Problem description:
The entries that follow should come back exactly, with no pictures among them.

Extracted data entries:
__________________________________________________

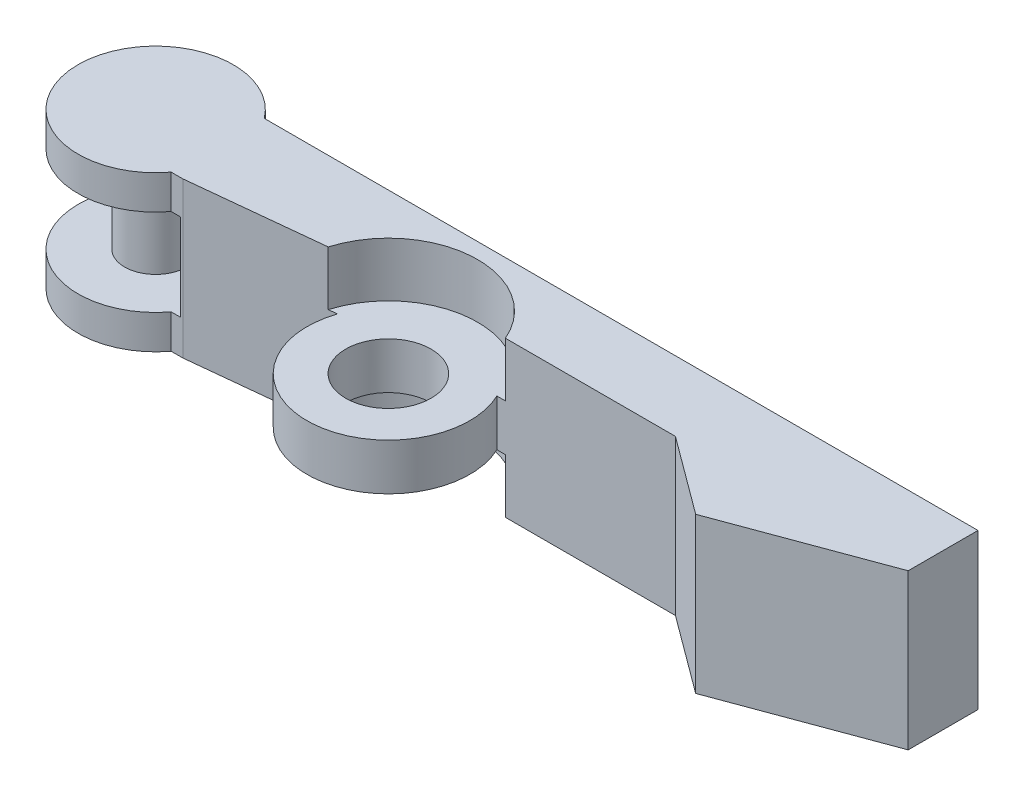
ISO-10303-21;
HEADER;
FILE_DESCRIPTION(('STEP AP214'),'2;1');
FILE_NAME('part.step','',(''),(''),'','','');
FILE_SCHEMA(('AUTOMOTIVE_DESIGN { 1 0 10303 214 1 1 1 1 }'));
ENDSEC;
DATA;
#1=APPLICATION_CONTEXT('core data for automotive mechanical design processes');
#2=APPLICATION_PROTOCOL_DEFINITION('international standard','automotive_design',2000,#1);
#3=PRODUCT_CONTEXT('',#1,'mechanical');
#4=PRODUCT('Part','Part','',(#3));
#5=PRODUCT_RELATED_PRODUCT_CATEGORY('part','',(#4));
#6=PRODUCT_DEFINITION_FORMATION('','',#4);
#7=PRODUCT_DEFINITION_CONTEXT('part definition',#1,'design');
#8=PRODUCT_DEFINITION('design','',#6,#7);
#9=PRODUCT_DEFINITION_SHAPE('','',#8);
#10=(LENGTH_UNIT() NAMED_UNIT(*) SI_UNIT(.MILLI.,.METRE.));
#11=(NAMED_UNIT(*) PLANE_ANGLE_UNIT() SI_UNIT($,.RADIAN.));
#12=(NAMED_UNIT(*) SI_UNIT($,.STERADIAN.) SOLID_ANGLE_UNIT());
#13=UNCERTAINTY_MEASURE_WITH_UNIT(LENGTH_MEASURE(1.E-05),#10,'distance_accuracy_value','');
#14=(GEOMETRIC_REPRESENTATION_CONTEXT(3) GLOBAL_UNCERTAINTY_ASSIGNED_CONTEXT((#13)) GLOBAL_UNIT_ASSIGNED_CONTEXT((#10,
#11,#12)) REPRESENTATION_CONTEXT('',''));
#15=CARTESIAN_POINT('',(0.,0.,0.));
#16=DIRECTION('',(0.,0.,1.));
#17=DIRECTION('',(1.,0.,0.));
#18=AXIS2_PLACEMENT_3D('',#15,#16,#17);
#19=CARTESIAN_POINT('',(-6.25,5.,3.75));
#20=DIRECTION('',(0.,-1.,0.));
#21=DIRECTION('',(0.,0.,-1.));
#22=AXIS2_PLACEMENT_3D('',#19,#20,#21);
#23=CYLINDRICAL_SURFACE('',#22,2.75);
#24=CARTESIAN_POINT('',(-6.25,1.5,3.75));
#25=DIRECTION('',(0.,1.,0.));
#26=DIRECTION('',(0.,0.,1.));
#27=AXIS2_PLACEMENT_3D('',#24,#25,#26);
#28=CIRCLE('',#27,2.75);
#29=CARTESIAN_POINT('',(-6.25,1.5,6.50000000000001));
#30=VERTEX_POINT('',#29);
#31=EDGE_CURVE('E341',#30,#30,#28,.T.);
#32=ORIENTED_EDGE('',*,*,#31,.T.);
#33=EDGE_LOOP('',(#32));
#34=FACE_BOUND('',#33,.T.);
#35=CARTESIAN_POINT('',(-6.25,-1.5,3.75));
#36=DIRECTION('',(0.,-1.,0.));
#37=DIRECTION('',(0.,0.,-1.));
#38=AXIS2_PLACEMENT_3D('',#35,#36,#37);
#39=CIRCLE('',#38,2.75);
#40=CARTESIAN_POINT('',(-6.25,-1.5,1.00000000000001));
#41=VERTEX_POINT('',#40);
#42=EDGE_CURVE('E387',#41,#41,#39,.T.);
#43=ORIENTED_EDGE('',*,*,#42,.T.);
#44=EDGE_LOOP('',(#43));
#45=FACE_BOUND('',#44,.T.);
#46=ADVANCED_FACE('F107',(#34,#45),#23,.F.);
#47=CARTESIAN_POINT('',(-6.25,5.,3.75));
#48=DIRECTION('',(0.,-1.,0.));
#49=DIRECTION('',(0.,0.,-1.));
#50=AXIS2_PLACEMENT_3D('',#47,#48,#49);
#51=CYLINDRICAL_SURFACE('',#50,5.25);
#52=CARTESIAN_POINT('',(-6.25,-1.5,3.75));
#53=DIRECTION('',(0.,-1.,0.));
#54=DIRECTION('',(0.,0.,-1.));
#55=AXIS2_PLACEMENT_3D('',#52,#53,#54);
#56=CIRCLE('',#55,5.25);
#57=CARTESIAN_POINT('',(-1.50658350974743,-1.5,1.49999999999999));
#58=VERTEX_POINT('',#57);
#59=CARTESIAN_POINT('',(-11.2196543991426,-1.5,2.0573585278971));
#60=VERTEX_POINT('',#59);
#61=EDGE_CURVE('E12',#58,#60,#56,.T.);
#62=ORIENTED_EDGE('',*,*,#61,.F.);
#63=DIRECTION('',(0.,-1.,0.));
#64=VECTOR('',#63,1.);
#65=CARTESIAN_POINT('',(-1.50658350974744,5.,1.49999999999999));
#66=LINE('',#65,#64);
#67=CARTESIAN_POINT('',(-1.50658350974743,1.5,1.49999999999999));
#68=VERTEX_POINT('',#67);
#69=EDGE_CURVE('E296',#68,#58,#66,.T.);
#70=ORIENTED_EDGE('',*,*,#69,.F.);
#71=CARTESIAN_POINT('',(-6.25,1.5,3.75));
#72=DIRECTION('',(0.,1.,0.));
#73=DIRECTION('',(0.,0.,1.));
#74=AXIS2_PLACEMENT_3D('',#71,#72,#73);
#75=CIRCLE('',#74,5.25);
#76=CARTESIAN_POINT('',(-11.2196543991426,1.5,2.0573585278971));
#77=VERTEX_POINT('',#76);
#78=EDGE_CURVE('E298',#77,#68,#75,.T.);
#79=ORIENTED_EDGE('',*,*,#78,.F.);
#80=DIRECTION('',(0.,-1.,0.));
#81=VECTOR('',#80,1.);
#82=CARTESIAN_POINT('',(-11.2196543991426,5.,2.0573585278971));
#83=LINE('',#82,#81);
#84=EDGE_CURVE('E274',#77,#60,#83,.T.);
#85=ORIENTED_EDGE('',*,*,#84,.T.);
#86=EDGE_LOOP('',(#62,#70,#79,#85));
#87=FACE_BOUND('',#86,.T.);
#88=ADVANCED_FACE('F109',(#87),#51,.T.);
#89=CARTESIAN_POINT('',(-25.,5.,0.));
#90=DIRECTION('',(0.,-1.,0.));
#91=DIRECTION('',(0.,0.,-1.));
#92=AXIS2_PLACEMENT_3D('',#89,#90,#91);
#93=CYLINDRICAL_SURFACE('',#92,5.);
#94=CARTESIAN_POINT('',(-25.,-2.8,0.));
#95=DIRECTION('',(0.,1.,0.));
#96=DIRECTION('',(0.,0.,1.));
#97=AXIS2_PLACEMENT_3D('',#94,#95,#96);
#98=CIRCLE('',#97,5.);
#99=CARTESIAN_POINT('',(-21.,-2.8,-3.));
#100=VERTEX_POINT('',#99);
#101=CARTESIAN_POINT('',(-21.,-2.8,3.));
#102=VERTEX_POINT('',#101);
#103=EDGE_CURVE('E130',#100,#102,#98,.T.);
#104=ORIENTED_EDGE('',*,*,#103,.F.);
#105=DIRECTION('',(0.,-1.,0.));
#106=VECTOR('',#105,1.);
#107=CARTESIAN_POINT('',(-21.,5.,-3.));
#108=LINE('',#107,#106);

__________________________________________________

Output of the task:
ISO-10303-21;
HEADER;
FILE_DESCRIPTION(('STEP AP214'),'2;1');
FILE_NAME('part.step','',(''),(''),'','','');
FILE_SCHEMA(('AUTOMOTIVE_DESIGN { 1 0 10303 214 1 1 1 1 }'));
ENDSEC;
DATA;
#1=APPLICATION_CONTEXT('core data for automotive mechanical design processes');
#2=APPLICATION_PROTOCOL_DEFINITION('international standard','automotive_design',2000,#1);
#3=PRODUCT_CONTEXT('',#1,'mechanical');
#4=PRODUCT('Part','Part','',(#3));
#5=PRODUCT_RELATED_PRODUCT_CATEGORY('part','',(#4));
#6=PRODUCT_DEFINITION_FORMATION('','',#4);
#7=PRODUCT_DEFINITION_CONTEXT('part definition',#1,'design');
#8=PRODUCT_DEFINITION('design','',#6,#7);
#9=PRODUCT_DEFINITION_SHAPE('','',#8);
#10=(LENGTH_UNIT() NAMED_UNIT(*) SI_UNIT(.MILLI.,.METRE.));
#11=(NAMED_UNIT(*) PLANE_ANGLE_UNIT() SI_UNIT($,.RADIAN.));
#12=(NAMED_UNIT(*) SI_UNIT($,.STERADIAN.) SOLID_ANGLE_UNIT());
#13=UNCERTAINTY_MEASURE_WITH_UNIT(LENGTH_MEASURE(1.E-05),#10,'distance_accuracy_value','');
#14=(GEOMETRIC_REPRESENTATION_CONTEXT(3) GLOBAL_UNCERTAINTY_ASSIGNED_CONTEXT((#13)) GLOBAL_UNIT_ASSIGNED_CONTEXT((#10,
#11,#12)) REPRESENTATION_CONTEXT('',''));
#15=CARTESIAN_POINT('',(0.,0.,0.));
#16=DIRECTION('',(0.,0.,1.));
#17=DIRECTION('',(1.,0.,0.));
#18=AXIS2_PLACEMENT_3D('',#15,#16,#17);
#19=CARTESIAN_POINT('',(-6.25,5.,3.75));
#20=DIRECTION('',(0.,-1.,0.));
#21=DIRECTION('',(0.,0.,-1.));
#22=AXIS2_PLACEMENT_3D('',#19,#20,#21);
#23=CYLINDRICAL_SURFACE('',#22,2.75);
#24=CARTESIAN_POINT('',(-6.25,1.5,3.75));
#25=DIRECTION('',(0.,1.,0.));
#26=DIRECTION('',(0.,0.,1.));
#27=AXIS2_PLACEMENT_3D('',#24,#25,#26);
#28=CIRCLE('',#27,2.75);
#29=CARTESIAN_POINT('',(-6.25,1.5,6.50000000000001));
#30=VERTEX_POINT('',#29);
#31=EDGE_CURVE('E341',#30,#30,#28,.T.);
#32=ORIENTED_EDGE('',*,*,#31,.T.);
#33=EDGE_LOOP('',(#32));
#34=FACE_BOUND('',#33,.T.);
#35=CARTESIAN_POINT('',(-6.25,-1.5,3.75));
#36=DIRECTION('',(0.,-1.,0.));
#37=DIRECTION('',(0.,0.,-1.));
#38=AXIS2_PLACEMENT_3D('',#35,#36,#37);
#39=CIRCLE('',#38,2.75);
#40=CARTESIAN_POINT('',(-6.25,-1.5,1.00000000000001));
#41=VERTEX_POINT('',#40);
#42=EDGE_CURVE('E387',#41,#41,#39,.T.);
#43=ORIENTED_EDGE('',*,*,#42,.T.);
#44=EDGE_LOOP('',(#43));
#45=FACE_BOUND('',#44,.T.);
#46=ADVANCED_FACE('F107',(#34,#45),#23,.F.);
#47=CARTESIAN_POINT('',(-6.25,5.,3.75));
#48=DIRECTION('',(0.,-1.,0.));
#49=DIRECTION('',(0.,0.,-1.));
#50=AXIS2_PLACEMENT_3D('',#47,#48,#49);
#51=CYLINDRICAL_SURFACE('',#50,5.25);
#52=CARTESIAN_POINT('',(-6.25,-1.5,3.75));
#53=DIRECTION('',(0.,-1.,0.));
#54=DIRECTION('',(0.,0.,-1.));
#55=AXIS2_PLACEMENT_3D('',#52,#53,#54);
#56=CIRCLE('',#55,5.25);
#57=CARTESIAN_POINT('',(-1.50658350974743,-1.5,1.49999999999999));
#58=VERTEX_POINT('',#57);
#59=CARTESIAN_POINT('',(-11.2196543991426,-1.5,2.0573585278971));
#60=VERTEX_POINT('',#59);
#61=EDGE_CURVE('E12',#58,#60,#56,.T.);
#62=ORIENTED_EDGE('',*,*,#61,.F.);
#63=DIRECTION('',(0.,-1.,0.));
#64=VECTOR('',#63,1.);
#65=CARTESIAN_POINT('',(-1.50658350974744,5.,1.49999999999999));
#66=LINE('',#65,#64);
#67=CARTESIAN_POINT('',(-1.50658350974743,1.5,1.49999999999999));
#68=VERTEX_POINT('',#67);
#69=EDGE_CURVE('E296',#68,#58,#66,.T.);
#70=ORIENTED_EDGE('',*,*,#69,.F.);
#71=CARTESIAN_POINT('',(-6.25,1.5,3.75));
#72=DIRECTION('',(0.,1.,0.));
#73=DIRECTION('',(0.,0.,1.));
#74=AXIS2_PLACEMENT_3D('',#71,#72,#73);
#75=CIRCLE('',#74,5.25);
#76=CARTESIAN_POINT('',(-11.2196543991426,1.5,2.0573585278971));
#77=VERTEX_POINT('',#76);
#78=EDGE_CURVE('E298',#77,#68,#75,.T.);
#79=ORIENTED_EDGE('',*,*,#78,.F.);
#80=DIRECTION('',(0.,-1.,0.));
#81=VECTOR('',#80,1.);
#82=CARTESIAN_POINT('',(-11.2196543991426,5.,2.0573585278971));
#83=LINE('',#82,#81);
#84=EDGE_CURVE('E274',#77,#60,#83,.T.);
#85=ORIENTED_EDGE('',*,*,#84,.T.);
#86=EDGE_LOOP('',(#62,#70,#79,#85));
#87=FACE_BOUND('',#86,.T.);
#88=ADVANCED_FACE('F109',(#87),#51,.T.);
#89=CARTESIAN_POINT('',(-25.,5.,0.));
#90=DIRECTION('',(0.,-1.,0.));
#91=DIRECTION('',(0.,0.,-1.));
#92=AXIS2_PLACEMENT_3D('',#89,#90,#91);
#93=CYLINDRICAL_SURFACE('',#92,5.);
#94=CARTESIAN_POINT('',(-25.,-2.8,0.));
#95=DIRECTION('',(0.,1.,0.));
#96=DIRECTION('',(0.,0.,1.));
#97=AXIS2_PLACEMENT_3D('',#94,#95,#96);
#98=CIRCLE('',#97,5.);
#99=CARTESIAN_POINT('',(-21.,-2.8,-3.));
#100=VERTEX_POINT('',#99);
#101=CARTESIAN_POINT('',(-21.,-2.8,3.));
#102=VERTEX_POINT('',#101);
#103=EDGE_CURVE('E130',#100,#102,#98,.T.);
#104=ORIENTED_EDGE('',*,*,#103,.F.);
#105=DIRECTION('',(0.,-1.,0.));
#106=VECTOR('',#105,1.);
#107=CARTESIAN_POINT('',(-21.,5.,-3.));
#108=LINE('',#107,#106);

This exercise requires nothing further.